Title: Engineering Spin Hall Nano-oscillators for Neuromorphic Computing Applications
Overview
- Date:Starts 22 November 2024, 09:00Ends 22 November 2024, 10:00
- Location:
- Language:English
Main supervisors:
Saroj Prasad Dash, Professor, Quantum Device Physics
Johan Åkerman, Professor, Institutionen för fysik (GU)
Supervisor: Samuel Lara Avila, Senior Researcher, Quantum Device Physics
Examiner:
Dag Winkler, Full Professor, Quantum Device Physics
Abstract:
Over the past decade, spintronic oscillators have gained significant attention as promising candidates for unconventional computing technologies [1]. This is largely due to their high non-linearity, compatibility with CMOS technology, and their ability to synchronize both with external signals and with one another. Among these, nano-constriction spin Hall nano oscillators (NC SHNOs) — composed of a heavy metal (HM) and a ferromagnet (FM) — stand out for their ease of nano-fabrication, broad frequency tunability, and strong mutual synchronization.
In SHNOs, the HM generates a spin current via the spin Hall effect, producing a spin-orbit torque (SOT) on the FM. This torque induces magnetization auto-oscillations, which are subsequently converted into time-varying resistance through anisotropic magneto-resistance (AMR), enabling electrical readout of the output signal.

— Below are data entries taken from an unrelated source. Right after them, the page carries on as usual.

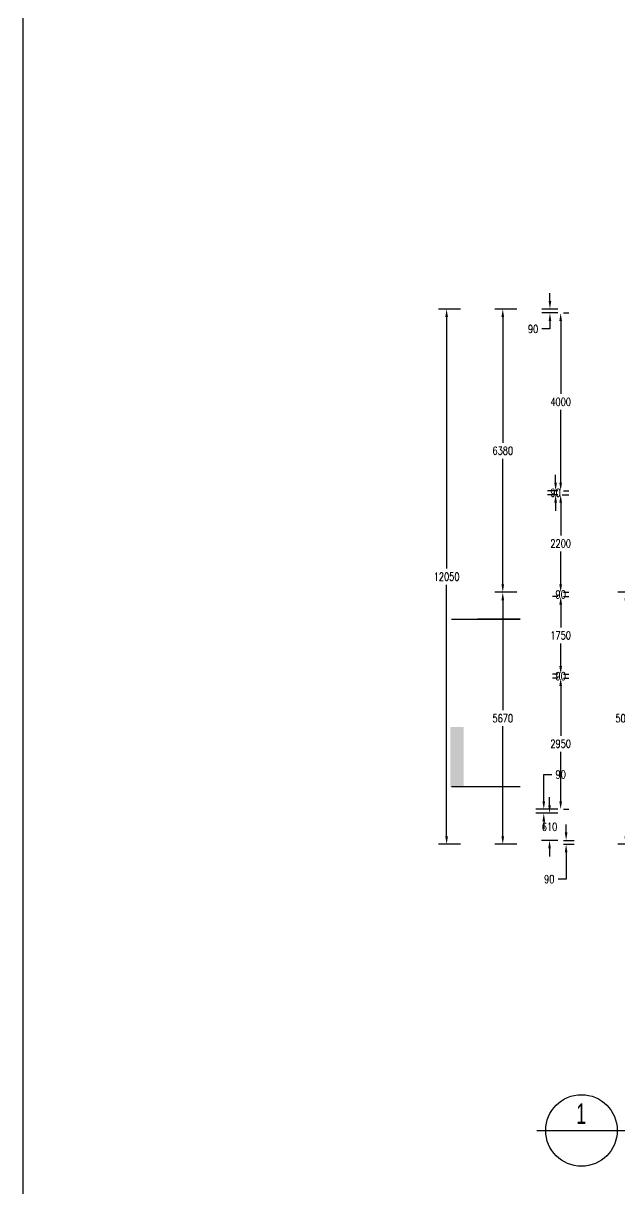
# Model space of a CAD drawing. Header units: inches. Extents: x 26998 to 46838, y -509 to 4343.
# Drawn here: x 37995.35 to 38008.76, y 891.24 to 917.44 of the extents above; entities that cross this region are included whole.
import ezdxf

# ---------------------------------------------------------------- set-up
doc = ezdxf.new("R2010")
doc.units = ezdxf.units.IN
doc.header["$LTSCALE"] = 0.5
doc.header["$MEASUREMENT"] = 0
doc.layers.get('Defpoints').update_dxf_attribs({"color": 140})
doc.layers.add('NUEVO DIBUJO', color=2, linetype='Continuous')
doc.styles.get("Standard").update_dxf_attribs({"font": 'romans.shx', "width": 0.75})
doc.dimstyles.get("Standard").update_dxf_attribs({"dimtxt": 0.18, "dimasz": 0.18, "dimexe": 0.18, "dimexo": 0.0625, "dimgap": 0.09, "dimtad": 0, "dimtih": 1, "dimtoh": 1, "dimdec": 4, "dimzin": 0, "dimdsep": 46, "dimtxsty": 'Standard', "dimcen": 0.09, "dimadec": 0, "dimazin": 0, "dimtfac": 1, "dimtdec": 4, "dimtofl": 0, "dimtmove": 0, "dimatfit": 3, "dimfxl": 1, "dimtolj": 1, "dimtzin": 0, "dimarcsym": 0})

# ---------------------------------------------------------------- blocks, each defined once
blk = doc.blocks.new('*D439')
at = {"layer": 'Defpoints', "color": 0, "transparency": 16777216}
for p in [(38004.868, 911.02), (38005.243, 911.02), (38005.243, 898.984)]:
    blk.add_point(p, dxfattribs=at)
at = {"layer": 'NUEVO DIBUJO', "color": 0, "lineweight": -2, "transparency": 16777216}
for p, q in [((38005.18, 911.02), (38004.688, 911.02)), ((38004.868, 910.84), (38004.868, 905.182)), ((38004.868, 899.164), (38004.868, 904.822)), ((38005.18, 898.984), (38004.688, 898.984))]:
    blk.add_line(p, q, dxfattribs=at)
at = {"layer": 'NUEVO DIBUJO', "color": 0, "transparency": 16777216}
for points in [[(38004.838, 910.84), (38004.898, 910.84), (38004.868, 911.02)], [(38004.838, 899.164), (38004.898, 899.164), (38004.868, 898.984)]]:
    blk.add_solid(points, dxfattribs=at)
at = {"layer": 'NUEVO DIBUJO', "color": 0, "transparency": 16777216, "insert": (38004.868, 905.002), "char_height": 0.18, "attachment_point": 5}
blk.add_mtext('\\A1;12050', dxfattribs=at)
blk = doc.blocks.new('*D440')
at = {"layer": 'Defpoints', "color": 0, "transparency": 16777216}
for p in [(38006.131, 904.65), (38006.505, 904.65), (38006.505, 898.984)]:
    blk.add_point(p, dxfattribs=at)
at = {"layer": 'NUEVO DIBUJO', "color": 0, "lineweight": -2, "transparency": 16777216}
for p, q in [((38006.443, 904.65), (38005.951, 904.65)), ((38006.131, 904.47), (38006.131, 901.997)), ((38006.131, 899.164), (38006.131, 901.637)), ((38006.443, 898.984), (38005.951, 898.984))]:
    blk.add_line(p, q, dxfattribs=at)
at = {"layer": 'NUEVO DIBUJO', "color": 0, "transparency": 16777216}
for points in [[(38006.101, 904.47), (38006.161, 904.47), (38006.131, 904.65)], [(38006.101, 899.164), (38006.161, 899.164), (38006.131, 898.984)]]:
    blk.add_solid(points, dxfattribs=at)
at = {"layer": 'NUEVO DIBUJO', "color": 0, "transparency": 16777216, "insert": (38006.131, 901.817), "char_height": 0.18, "attachment_point": 5}
blk.add_mtext('\\A1;5670', dxfattribs=at)
blk = doc.blocks.new('*D441')
at = {"layer": 'Defpoints', "color": 0, "transparency": 16777216}
for p in [(38006.131, 911.02), (38006.505, 911.02), (38006.505, 904.65)]:
    blk.add_point(p, dxfattribs=at)
at = {"layer": 'NUEVO DIBUJO', "color": 0, "lineweight": -2, "transparency": 16777216}
for p, q in [((38006.443, 911.02), (38005.951, 911.02)), ((38006.131, 910.84), (38006.131, 908.015)), ((38006.131, 904.83), (38006.131, 907.655)), ((38006.443, 904.65), (38005.951, 904.65))]:
    blk.add_line(p, q, dxfattribs=at)
at = {"layer": 'NUEVO DIBUJO', "color": 0, "transparency": 16777216}
for points in [[(38006.101, 910.84), (38006.161, 910.84), (38006.131, 911.02)], [(38006.101, 904.83), (38006.161, 904.83), (38006.131, 904.65)]]:
    blk.add_solid(points, dxfattribs=at)
at = {"layer": 'NUEVO DIBUJO', "color": 0, "transparency": 16777216, "insert": (38006.131, 907.835), "char_height": 0.18, "attachment_point": 5}
blk.add_mtext('\\A1;6380', dxfattribs=at)
blk = doc.blocks.new('*D442')
at = {"layer": 'Defpoints', "color": 0, "transparency": 16777216}
for p in [(38007.432, 899.073), (38007.554, 899.073), (38007.432, 898.984)]:
    blk.add_point(p, dxfattribs=at)
at = {"layer": 'NUEVO DIBUJO', "color": 0, "lineweight": -2, "transparency": 16777216}
for p, q in [((38007.554, 899.253), (38007.554, 899.433)), ((38007.494, 899.073), (38007.734, 899.073)), ((38007.494, 898.984), (38007.734, 898.984)), ((38007.554, 898.804), (38007.554, 898.201)), ((38007.554, 898.201), (38007.374, 898.201))]:
    blk.add_line(p, q, dxfattribs=at)
at = {"layer": 'NUEVO DIBUJO', "color": 0, "transparency": 16777216}
for points in [[(38007.524, 899.253), (38007.584, 899.253), (38007.554, 899.073)], [(38007.524, 898.804), (38007.584, 898.804), (38007.554, 898.984)]]:
    blk.add_solid(points, dxfattribs=at)
at = {"layer": 'NUEVO DIBUJO', "color": 0, "transparency": 16777216, "insert": (38007.175, 898.201), "char_height": 0.18, "attachment_point": 5}
blk.add_mtext('\\A1;90', dxfattribs=at)
blk = doc.blocks.new('*D443')
at = {"layer": 'Defpoints', "color": 0, "transparency": 16777216}
for p in [(38007.182, 899.682), (38007.432, 899.682), (38007.432, 899.073)]:
    blk.add_point(p, dxfattribs=at)
at = {"layer": 'NUEVO DIBUJO', "color": 0, "lineweight": -2, "transparency": 16777216}
for p, q in [((38007.182, 899.862), (38007.182, 900.042)), ((38007.369, 899.682), (38007.002, 899.682)), ((38007.369, 899.073), (38007.002, 899.073)), ((38007.182, 898.893), (38007.182, 898.713))]:
    blk.add_line(p, q, dxfattribs=at)
at = {"layer": 'NUEVO DIBUJO', "color": 0, "transparency": 16777216}
for points in [[(38007.152, 899.862), (38007.212, 899.862), (38007.182, 899.682)], [(38007.152, 898.893), (38007.212, 898.893), (38007.182, 899.073)]]:
    blk.add_solid(points, dxfattribs=at)
at = {"layer": 'NUEVO DIBUJO', "color": 0, "transparency": 16777216, "insert": (38007.182, 899.378), "char_height": 0.18, "attachment_point": 5}
blk.add_mtext('\\A1;610', dxfattribs=at)
blk = doc.blocks.new('*D456')
at = {"layer": 'Defpoints', "color": 0, "transparency": 16777216}
for p in [(38007.052, 899.771), (38007.432, 899.771), (38007.432, 899.682)]:
    blk.add_point(p, dxfattribs=at)
at = {"layer": 'NUEVO DIBUJO', "color": 0, "lineweight": -2, "transparency": 16777216}
for p, q in [((38007.052, 899.951), (38007.052, 900.554)), ((38007.052, 900.554), (38007.232, 900.554)), ((38007.369, 899.771), (38006.872, 899.771)), ((38007.369, 899.682), (38006.872, 899.682)), ((38007.052, 899.502), (38007.052, 899.322))]:
    blk.add_line(p, q, dxfattribs=at)
at = {"layer": 'NUEVO DIBUJO', "color": 0, "transparency": 16777216}
for points in [[(38007.022, 899.951), (38007.082, 899.951), (38007.052, 899.771)], [(38007.022, 899.502), (38007.082, 899.502), (38007.052, 899.682)]]:
    blk.add_solid(points, dxfattribs=at)
at = {"layer": 'NUEVO DIBUJO', "color": 0, "transparency": 16777216, "insert": (38007.432, 900.554), "char_height": 0.18, "attachment_point": 5}
blk.add_mtext('\\A1;90', dxfattribs=at)
blk = doc.blocks.new('*D457')
at = {"layer": 'Defpoints', "color": 0, "transparency": 16777216}
for p in [(38007.432, 902.721), (38007.432, 902.721), (38007.432, 899.771)]:
    blk.add_point(p, dxfattribs=at)
at = {"layer": 'NUEVO DIBUJO', "color": 0, "lineweight": -2, "transparency": 16777216}
for p, q in [((38007.432, 902.541), (38007.432, 901.426)), ((38007.494, 902.721), (38007.612, 902.721)), ((38007.432, 899.951), (38007.432, 901.066)), ((38007.494, 899.771), (38007.612, 899.771))]:
    blk.add_line(p, q, dxfattribs=at)
at = {"layer": 'NUEVO DIBUJO', "color": 0, "transparency": 16777216}
for points in [[(38007.402, 902.541), (38007.462, 902.541), (38007.432, 902.721)], [(38007.402, 899.951), (38007.462, 899.951), (38007.432, 899.771)]]:
    blk.add_solid(points, dxfattribs=at)
at = {"layer": 'NUEVO DIBUJO', "color": 0, "transparency": 16777216, "insert": (38007.432, 901.246), "char_height": 0.18, "attachment_point": 5}
blk.add_mtext('\\A1;2950', dxfattribs=at)
blk = doc.blocks.new('*D458')
at = {"layer": 'Defpoints', "color": 0, "transparency": 16777216}
for p in [(38007.191, 910.931), (38007.432, 911.02), (38007.432, 910.931)]:
    blk.add_point(p, dxfattribs=at)
at = {"layer": 'NUEVO DIBUJO', "color": 0, "lineweight": -2, "transparency": 16777216}
for p, q in [((38007.191, 911.2), (38007.191, 911.38)), ((38007.369, 911.02), (38007.011, 911.02)), ((38007.369, 910.931), (38007.011, 910.931)), ((38007.191, 910.751), (38007.191, 910.571)), ((38007.191, 910.571), (38007.011, 910.571))]:
    blk.add_line(p, q, dxfattribs=at)
at = {"layer": 'NUEVO DIBUJO', "color": 0, "transparency": 16777216}
for points in [[(38007.161, 911.2), (38007.221, 911.2), (38007.191, 911.02)], [(38007.161, 910.751), (38007.221, 910.751), (38007.191, 910.931)]]:
    blk.add_solid(points, dxfattribs=at)
at = {"layer": 'NUEVO DIBUJO', "color": 0, "transparency": 16777216, "insert": (38006.811, 910.571), "char_height": 0.18, "attachment_point": 5}
blk.add_mtext('\\A1;90', dxfattribs=at)
blk = doc.blocks.new('*D459')
at = {"layer": 'Defpoints', "color": 0, "transparency": 16777216}
for p in [(38007.432, 910.931), (38007.432, 906.934), (38007.432, 906.934)]:
    blk.add_point(p, dxfattribs=at)
at = {"layer": 'NUEVO DIBUJO', "color": 0, "lineweight": -2, "transparency": 16777216}
for p, q in [((38007.494, 910.931), (38007.612, 910.931)), ((38007.432, 910.751), (38007.432, 909.113)), ((38007.432, 907.114), (38007.432, 908.753)), ((38007.494, 906.934), (38007.612, 906.934))]:
    blk.add_line(p, q, dxfattribs=at)
at = {"layer": 'NUEVO DIBUJO', "color": 0, "transparency": 16777216}
for points in [[(38007.402, 910.751), (38007.462, 910.751), (38007.432, 910.931)], [(38007.402, 907.114), (38007.462, 907.114), (38007.432, 906.934)]]:
    blk.add_solid(points, dxfattribs=at)
at = {"layer": 'NUEVO DIBUJO', "color": 0, "transparency": 16777216, "insert": (38007.432, 908.933), "char_height": 0.18, "attachment_point": 5}
blk.add_mtext('\\A1;4000', dxfattribs=at)
blk = doc.blocks.new('*D460')
at = {"layer": 'Defpoints', "color": 0, "transparency": 16777216}
for p in [(38007.432, 906.934), (38007.318, 906.845), (38007.432, 906.845)]:
    blk.add_point(p, dxfattribs=at)
at = {"layer": 'NUEVO DIBUJO', "color": 0, "lineweight": -2, "transparency": 16777216}
for p, q in [((38007.318, 907.114), (38007.318, 907.294)), ((38007.369, 906.934), (38007.138, 906.934)), ((38007.369, 906.845), (38007.138, 906.845)), ((38007.318, 906.665), (38007.318, 906.485))]:
    blk.add_line(p, q, dxfattribs=at)
at = {"layer": 'NUEVO DIBUJO', "color": 0, "transparency": 16777216}
for points in [[(38007.288, 907.114), (38007.348, 907.114), (38007.318, 906.934)], [(38007.288, 906.665), (38007.348, 906.665), (38007.318, 906.845)]]:
    blk.add_solid(points, dxfattribs=at)
at = {"layer": 'NUEVO DIBUJO', "color": 0, "transparency": 16777216, "insert": (38007.318, 906.89), "char_height": 0.18, "attachment_point": 5}
blk.add_mtext('\\A1;90', dxfattribs=at)
blk = doc.blocks.new('*D461')
at = {"layer": 'Defpoints', "color": 0, "transparency": 16777216}
for p in [(38007.406, 906.845), (38007.432, 904.65), (38007.432, 904.65)]:
    blk.add_point(p, dxfattribs=at)
at = {"layer": 'NUEVO DIBUJO', "color": 0, "lineweight": -2, "transparency": 16777216}
for p, q in [((38007.432, 906.665), (38007.432, 905.928)), ((38007.469, 906.845), (38007.612, 906.845)), ((38007.432, 904.83), (38007.432, 905.568)), ((38007.494, 904.65), (38007.612, 904.65))]:
    blk.add_line(p, q, dxfattribs=at)
at = {"layer": 'NUEVO DIBUJO', "color": 0, "transparency": 16777216}
for points in [[(38007.402, 906.665), (38007.462, 906.665), (38007.432, 906.845)], [(38007.402, 904.83), (38007.462, 904.83), (38007.432, 904.65)]]:
    blk.add_solid(points, dxfattribs=at)
at = {"layer": 'NUEVO DIBUJO', "color": 0, "transparency": 16777216, "insert": (38007.432, 905.748), "char_height": 0.18, "attachment_point": 5}
blk.add_mtext('\\A1;2200', dxfattribs=at)
blk = doc.blocks.new('*D462')
at = {"layer": 'Defpoints', "color": 0, "transparency": 16777216}
for p in [(38007.432, 904.65), (38007.432, 904.555), (38007.432, 904.555)]:
    blk.add_point(p, dxfattribs=at)
at = {"layer": 'NUEVO DIBUJO', "color": 0, "lineweight": -2, "transparency": 16777216}
for p, q in [((38007.432, 904.83), (38007.432, 905.01)), ((38007.494, 904.65), (38007.612, 904.65)), ((38007.369, 904.555), (38007.252, 904.555)), ((38007.432, 904.375), (38007.432, 904.195))]:
    blk.add_line(p, q, dxfattribs=at)
at = {"layer": 'NUEVO DIBUJO', "color": 0, "transparency": 16777216}
for points in [[(38007.402, 904.83), (38007.462, 904.83), (38007.432, 904.65)], [(38007.402, 904.375), (38007.462, 904.375), (38007.432, 904.555)]]:
    blk.add_solid(points, dxfattribs=at)
at = {"layer": 'NUEVO DIBUJO', "color": 0, "transparency": 16777216, "insert": (38007.432, 904.602), "char_height": 0.18, "attachment_point": 5}
blk.add_mtext('\\A1;90', dxfattribs=at)
blk = doc.blocks.new('*D463')
at = {"layer": 'Defpoints', "color": 0, "transparency": 16777216}
for p in [(38007.432, 904.555), (38007.432, 902.81), (38007.432, 902.81)]:
    blk.add_point(p, dxfattribs=at)
at = {"layer": 'NUEVO DIBUJO', "color": 0, "lineweight": -2, "transparency": 16777216}
for p, q in [((38007.432, 904.375), (38007.432, 903.862)), ((38007.494, 904.555), (38007.612, 904.555)), ((38007.432, 902.99), (38007.432, 903.502)), ((38007.494, 902.81), (38007.612, 902.81))]:
    blk.add_line(p, q, dxfattribs=at)
at = {"layer": 'NUEVO DIBUJO', "color": 0, "transparency": 16777216}
for points in [[(38007.402, 904.375), (38007.462, 904.375), (38007.432, 904.555)], [(38007.402, 902.99), (38007.462, 902.99), (38007.432, 902.81)]]:
    blk.add_solid(points, dxfattribs=at)
at = {"layer": 'NUEVO DIBUJO', "color": 0, "transparency": 16777216, "insert": (38007.432, 903.682), "char_height": 0.18, "attachment_point": 5}
blk.add_mtext('\\A1;1750', dxfattribs=at)
blk = doc.blocks.new('*D464')
at = {"layer": 'Defpoints', "color": 0, "transparency": 16777216}
for p in [(38007.432, 902.81), (38007.432, 902.721), (38007.432, 902.721)]:
    blk.add_point(p, dxfattribs=at)
at = {"layer": 'NUEVO DIBUJO', "color": 0, "lineweight": -2, "transparency": 16777216}
for p, q in [((38007.432, 902.99), (38007.432, 903.17)), ((38007.369, 902.81), (38007.252, 902.81)), ((38007.369, 902.721), (38007.252, 902.721)), ((38007.432, 902.541), (38007.432, 902.361))]:
    blk.add_line(p, q, dxfattribs=at)
at = {"layer": 'NUEVO DIBUJO', "color": 0, "transparency": 16777216}
for points in [[(38007.402, 902.99), (38007.462, 902.99), (38007.432, 902.81)], [(38007.402, 902.541), (38007.462, 902.541), (38007.432, 902.721)]]:
    blk.add_solid(points, dxfattribs=at)
at = {"layer": 'NUEVO DIBUJO', "color": 0, "transparency": 16777216, "insert": (38007.432, 902.766), "char_height": 0.18, "attachment_point": 5}
blk.add_mtext('\\A1;90', dxfattribs=at)
blk = doc.blocks.new('*D524')
at = {"layer": 'Defpoints', "color": 0, "transparency": 16777216}
for p in [(38008.895, 904.65), (38009.729, 904.65), (38009.477, 898.984)]:
    blk.add_point(p, dxfattribs=at)
at = {"layer": 'NUEVO DIBUJO', "color": 0, "lineweight": -2, "transparency": 16777216}
for p, q in [((38009.666, 904.65), (38008.715, 904.65)), ((38008.895, 904.47), (38008.895, 901.997)), ((38008.895, 899.164), (38008.895, 901.637)), ((38009.414, 898.984), (38008.715, 898.984))]:
    blk.add_line(p, q, dxfattribs=at)
at = {"layer": 'NUEVO DIBUJO', "color": 0, "transparency": 16777216}
for points in [[(38008.865, 904.47), (38008.925, 904.47), (38008.895, 904.65)], [(38008.865, 899.164), (38008.925, 899.164), (38008.895, 898.984)]]:
    blk.add_solid(points, dxfattribs=at)
at = {"layer": 'NUEVO DIBUJO', "color": 0, "transparency": 16777216, "insert": (38008.895, 901.817), "char_height": 0.18, "attachment_point": 5}
blk.add_mtext('\\A1;5070', dxfattribs=at)

msp = doc.modelspace()

# ---------------------------------------------------------------- hatches: boundary and pattern name
at = {"layer": 'NUEVO DIBUJO'}
h = msp.add_hatch(color=2, dxfattribs=at)
h.dxf.hatch_style = 1
h.paths.add_polyline_path([(38021.1746719, 910.3372492), (38019.8232339, 910.3372492), (38019.8232339, 910.6355038), (38021.1746719, 910.6355038)])
h.paths.add_polyline_path([(38005.2493005, 900.274469), (38004.9510609, 900.274469), (38004.9510609, 901.6196122), (38005.2493005, 901.6196122)])

# ---------------------------------------------------------------- linework, layer by layer
at = {"layer": 'NUEVO DIBUJO', "color": 2}
for p, q in [((38004.9764367, 904.0435124), (38006.5196956, 904.0435124)), ((38006.5196956, 904.0435124), (38005.559544, 904.0435124)), ((38004.9764367, 900.2867139), (38006.5196956, 900.2867139)), ((38006.8961051, 892.5501775), (38014.0385337, 892.5501775))]:
    msp.add_line(p, q, dxfattribs=at)
msp.add_lwpolyline([(37995.3547636, 927.6091075), (38057.1833403, 927.6091075), (38057.1833403, 884.5348533), (37995.3547636, 884.5348533)], close=True, dxfattribs=at)
msp.add_circle((38007.8988653, 892.5501775), 0.8041001, dxfattribs=at)

# ---------------------------------------------------------------- texts
at = {"color": 2, "linetype": 'ByBlock', "insert": (38007.7828433, 893.1572425), "char_height": 0.463547963, "attachment_point": 1, "rotation": 0.05406191}
msp.add_mtext_dynamic_manual_height_columns('{\\fArial Narrow|b0|i0|c0|p34;1 }', width=15.90994782, gutter_width=2.3177398, heights=[0], dxfattribs=at)

# ---------------------------------------------------------------- dimensions: what is measured, and where the dimension line sits
at = {"layer": 'NUEVO DIBUJO', "color": 2}
for base, p1, p2, text, picture, middle in [((38007.1907281, 910.9313953), (38007.4317597, 911.0202722), (38007.4317597, 910.9313953), '90', '*D458', (38006.8114423, 910.5713953)), ((38004.8684489, 911.0202722), (38005.2428858, 898.9841257), (38005.2428858, 911.0202722), '12050', '*D439', (38004.8684489, 905.0021989)), ((38006.1312048, 911.0202722), (38006.5054469, 904.6500637), (38006.5054469, 911.0202722), '6380', '*D441', (38006.1312048, 907.8351679)), ((38007.4317597, 906.9341842), (38007.4317597, 910.9313953), (38007.4317597, 906.9341842), '4000', '*D459', (38007.4317597, 908.9327898)), ((38007.4317597, 904.6500637), (38007.4064231, 906.8453074), (38007.4317597, 904.6500637), '2200', '*D461', (38007.4317597, 905.7476855)), ((38006.1312048, 904.6500637), (38006.5054469, 898.9841257), (38006.5054469, 904.6500637), '5670', '*D440', (38006.1312048, 901.8170947)), ((38008.8952857, 904.6500637), (38009.476831, 898.9841257), (38009.7286498, 904.6500637), '5070', '*D524', (38008.8952857, 901.8170947)), ((38007.4317597, 902.8100277), (38007.4317597, 904.554892), (38007.4317597, 902.8100277), '1750', '*D463', (38007.4317597, 903.6824598)), ((38007.4317597, 902.7211508), (38007.4317597, 899.7708284), (38007.4317597, 902.7211508), '2950', '*D457', (38007.4317597, 901.2459896))]:
    dim = msp.add_linear_dim(base=base, p1=p1, p2=p2, angle=90, text=text, dimstyle='Standard', dxfattribs=at)
    dim.commit()
    dim.dimension.update_dxf_attribs({"geometry": picture, "text_midpoint": middle})
for base, p1, p2, text, picture, middle in [((38007.3175462, 906.8453074), (38007.4317597, 906.9341842), (38007.4317597, 906.8453074), '90', '*D460', (38007.3175462, 906.8897458)), ((38007.4317597, 904.554892), (38007.4317597, 904.6500637), (38007.4317597, 904.554892), '90', '*D462', (38007.4317597, 904.6024778)), ((38007.4317597, 902.7211508), (38007.4317597, 902.8100277), (38007.4317597, 902.7211508), '90', '*D464', (38007.4317597, 902.7655892)), ((38007.052474, 899.7708284), (38007.4317597, 899.6821014), (38007.4317597, 899.7708284), '90', '*D456', (38007.4317597, 900.5537854)), ((38007.1818996, 899.6821014), (38007.4317597, 899.0730025), (38007.4317597, 899.6821014), '610', '*D443', (38007.1818996, 899.3775519)), ((38007.5538251, 899.0730025), (38007.4317597, 898.9841257), (38007.4317597, 899.0730025), '90', '*D442', (38007.1745394, 898.2011686))]:
    dim = msp.add_linear_dim(base=base, p1=p1, p2=p2, angle=90, text=text, dimstyle='Standard', dxfattribs=at)
    dim.commit()
    dim.dimension.update_dxf_attribs({"geometry": picture, "text_midpoint": middle, "dimtype": 160})

doc.saveas('drawing.dxf')

Despite their potential, SHNOs have faced a key challenge: low output power, which limits their applicability in areas such as neuromorphic computing. One plausible explanation lies in the thermal management of the nano-constriction area, where the current density is highest. To address this, using a high-thermal-conductivity substrate like silicon carbide (SiC) allows for improved heat dissipation. This enables the application of higher current to the device, which, in turn, permits the use of thicker FM layers. As a result, output power has been increased almost 100 times compared to previously reported values for a single SHNO [2].
These high-output-power SHNOs open new pathways for applications such as physical reservoir computing (PRC). Their high non-linearity with respect to electrical current and magnetic fields makes them particularly effective for transformation tasks [3]. However, prediction tasks require memory integration to achieve accurate results.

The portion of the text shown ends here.